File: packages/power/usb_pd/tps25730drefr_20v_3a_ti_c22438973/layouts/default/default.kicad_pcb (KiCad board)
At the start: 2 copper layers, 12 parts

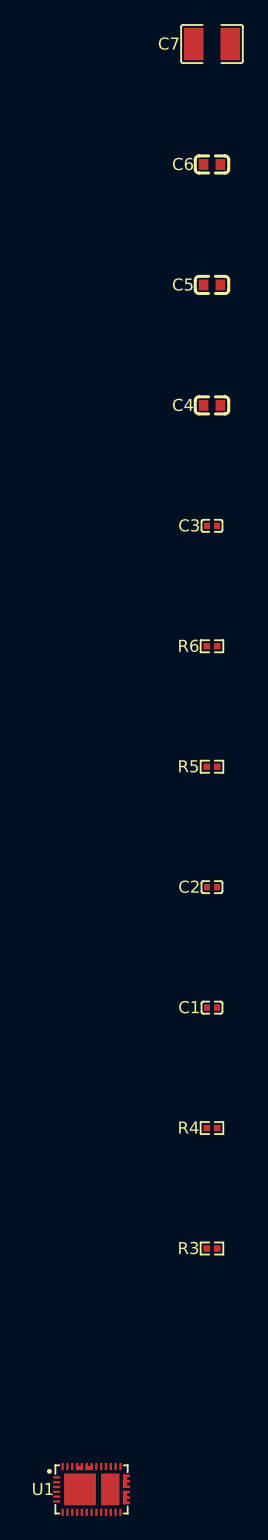
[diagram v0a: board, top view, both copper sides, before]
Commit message: Align the USB-PD sink front end with the TPS25730 reference design
Update the TPS25730DREFR package so the receptacle-facing VBUS capacitance matches TI's recommended CVBUS window while the switched PPHV side carries the larger bulk energy store recommended for the integrated sink path. The package also stops adding local I2C pullups so a downstream shared bus can own pullup sizing explicitly.

Constraint: USB-facing sink capacitance should stay inside the stricter Type-C-facing VBUS guidance while the TPS25730D still needs its recommended board capacitances
Constraint: Repository packages must keep explicit LCSC-backed parts and verify with ato
Rejected: Keep 22 uF directly on usb_vbus | exceeds TI's nominal CVBUS recommendation and is harder to defend against Type-C-facing capacitance limits
Rejected: Keep onboard 3.3 kΩ I2C pullups because TI's example shows them | downstream systems may already provide bus pullups and the user explicitly requested removal
Confidence: high
Scope-risk: narrow
Reversibility: clean
Directive: If this package is later paired with a connector-level block, keep USB-facing VBUS capacitance and shared I2C pullups owned by the full system, not duplicated here
Tested: ato --non-interactive build (default and example) in packages/power/usb_pd/tps25730drefr_20v_3a_ti_c22438973
Not-tested: Bench validation against a real USB-PD source and shared external I2C bus
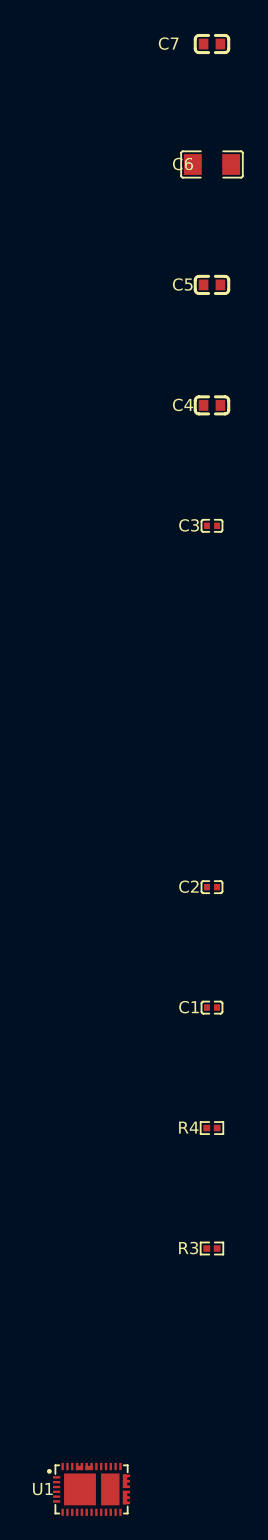
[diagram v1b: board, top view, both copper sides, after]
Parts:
- removed R5, R6: 3.3kΩ ±1%, YAGEO_RC0402FR_073K3L:R0402
- C6: value 10µF ±10% -> 47µF ±20%; footprint Murata_Electronics_GRM188R61E106KA73D:C0603 -> Murata_Electronics_GRM31CR61E476ME44L:C1206
- C7: value 22µF ±10% -> 4.7µF ±10%; footprint Murata_Electronics_GRM32ER71E226KE15L:C1210 -> Murata_Electronics_GRM188R61E475KE11D:C0603

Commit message: Wip TPS25730
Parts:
- removed C6: 47µF ±20%, Murata_Electronics_GRM31CR61E476ME44L:C1206
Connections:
- net sink_vbus_bulk-power-hv renamed sink_vbus-hv

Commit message: Keep the USB-PD sink package deterministic and schematic-friendly
The package now uses explicit local passive part modules again, drops the
unnecessary package-level sink output capacitor, and forces readable net
names for the exposed rails and key internal strap nets. The resulting
layout outputs stay aligned with the package contract while avoiding the
opaque auto-generated net labels that made the schematic harder to use.

Constraint: Package must build with the current atopile CLI in this repo
Constraint: Concrete BOM choices must remain explicit and LCSC-traceable
Rejected: Keep generic passives in source | part-picking path was less deterministic and previously hit flaky EasyEDA resolution
Rejected: Keep unnamed/internal auto-generated nets | violated repo guidance for readable schematic nets
Confidence: high
Scope-risk: narrow
Reversibility: clean
Directive: Preserve explicit net-name overrides for USB_VBUS, SINK_VBUS, 3V3, GND, CC1, CC2, and PD_LIMIT_SEL unless you verify the generated schematic names remain readable without them
Tested:  in packages/power/usb_pd/tps25730drefr_20v_3a_ti_c22438973 (default and example targets passed)
Not-tested: Downstream integration inside a larger design using this package
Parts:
- C1, C2: value 330pF ±5% -> (none)
- C3, C7: value 4.7µF ±10% -> (none)
- C4, C5: value 10µF ±10% -> (none)
- R3: value 10kΩ ±1% -> (none)
- R4: value 200kΩ ±1% -> (none)
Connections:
- net 7 renamed PD_LIMIT_SEL
- net cc1_filter-power-hv renamed CC1
- net cc2_filter-power-hv renamed CC2
- net hv renamed LDO_3V3
- net ldo_1v5_bypass-power-hv renamed LDO_1V5
- net logic_3v3_bypass-power-hv renamed 3V3
- net lv renamed GND
- net sink_vbus-hv renamed SINK_VBUS
- net usb_vbus_bulk-power-hv renamed USB_VBUS

==============================

# [Try it]
Copy the lines above exactly. Do not include pictures.

# [Answer to this task]
File: packages/power/usb_pd/tps25730drefr_20v_3a_ti_c22438973/layouts/default/default.kicad_pcb (KiCad board)
At the start: 2 copper layers, 12 parts

[diagram v0a: board, top view, both copper sides, before]
Commit message: Align the USB-PD sink front end with the TPS25730 reference design
Update the TPS25730DREFR package so the receptacle-facing VBUS capacitance matches TI's recommended CVBUS window while the switched PPHV side carries the larger bulk energy store recommended for the integrated sink path. The package also stops adding local I2C pullups so a downstream shared bus can own pullup sizing explicitly.

Constraint: USB-facing sink capacitance should stay inside the stricter Type-C-facing VBUS guidance while the TPS25730D still needs its recommended board capacitances
Constraint: Repository packages must keep explicit LCSC-backed parts and verify with ato
Rejected: Keep 22 uF directly on usb_vbus | exceeds TI's nominal CVBUS recommendation and is harder to defend against Type-C-facing capacitance limits
Rejected: Keep onboard 3.3 kΩ I2C pullups because TI's example shows them | downstream systems may already provide bus pullups and the user explicitly requested removal
Confidence: high
Scope-risk: narrow
Reversibility: clean
Directive: If this package is later paired with a connector-level block, keep USB-facing VBUS capacitance and shared I2C pullups owned by the full system, not duplicated here
Tested: ato --non-interactive build (default and example) in packages/power/usb_pd/tps25730drefr_20v_3a_ti_c22438973
Not-tested: Bench validation against a real USB-PD source and shared external I2C bus
[diagram v1b: board, top view, both copper sides, after]
Parts:
- removed R5, R6: 3.3kΩ ±1%, YAGEO_RC0402FR_073K3L:R0402
- C6: value 10µF ±10% -> 47µF ±20%; footprint Murata_Electronics_GRM188R61E106KA73D:C0603 -> Murata_Electronics_GRM31CR61E476ME44L:C1206
- C7: value 22µF ±10% -> 4.7µF ±10%; footprint Murata_Electronics_GRM32ER71E226KE15L:C1210 -> Murata_Electronics_GRM188R61E475KE11D:C0603

Commit message: Wip TPS25730
Parts:
- removed C6: 47µF ±20%, Murata_Electronics_GRM31CR61E476ME44L:C1206
Connections:
- net sink_vbus_bulk-power-hv renamed sink_vbus-hv

Commit message: Keep the USB-PD sink package deterministic and schematic-friendly
The package now uses explicit local passive part modules again, drops the
unnecessary package-level sink output capacitor, and forces readable net
names for the exposed rails and key internal strap nets. The resulting
layout outputs stay aligned with the package contract while avoiding the
opaque auto-generated net labels that made the schematic harder to use.

Constraint: Package must build with the current atopile CLI in this repo
Constraint: Concrete BOM choices must remain explicit and LCSC-traceable
Rejected: Keep generic passives in source | part-picking path was less deterministic and previously hit flaky EasyEDA resolution
Rejected: Keep unnamed/internal auto-generated nets | violated repo guidance for readable schematic nets
Confidence: high
Scope-risk: narrow
Reversibility: clean
Directive: Preserve explicit net-name overrides for USB_VBUS, SINK_VBUS, 3V3, GND, CC1, CC2, and PD_LIMIT_SEL unless you verify the generated schematic names remain readable without them
Tested:  in packages/power/usb_pd/tps25730drefr_20v_3a_ti_c22438973 (default and example targets passed)
Not-tested: Downstream integration inside a larger design using this package
Parts:
- C1, C2: value 330pF ±5% -> (none)
- C3, C7: value 4.7µF ±10% -> (none)
- C4, C5: value 10µF ±10% -> (none)
- R3: value 10kΩ ±1% -> (none)
- R4: value 200kΩ ±1% -> (none)
Connections:
- net 7 renamed PD_LIMIT_SEL
- net cc1_filter-power-hv renamed CC1
- net cc2_filter-power-hv renamed CC2
- net hv renamed LDO_3V3
- net ldo_1v5_bypass-power-hv renamed LDO_1V5
- net logic_3v3_bypass-power-hv renamed 3V3
- net lv renamed GND
- net sink_vbus-hv renamed SINK_VBUS
- net usb_vbus_bulk-power-hv renamed USB_VBUS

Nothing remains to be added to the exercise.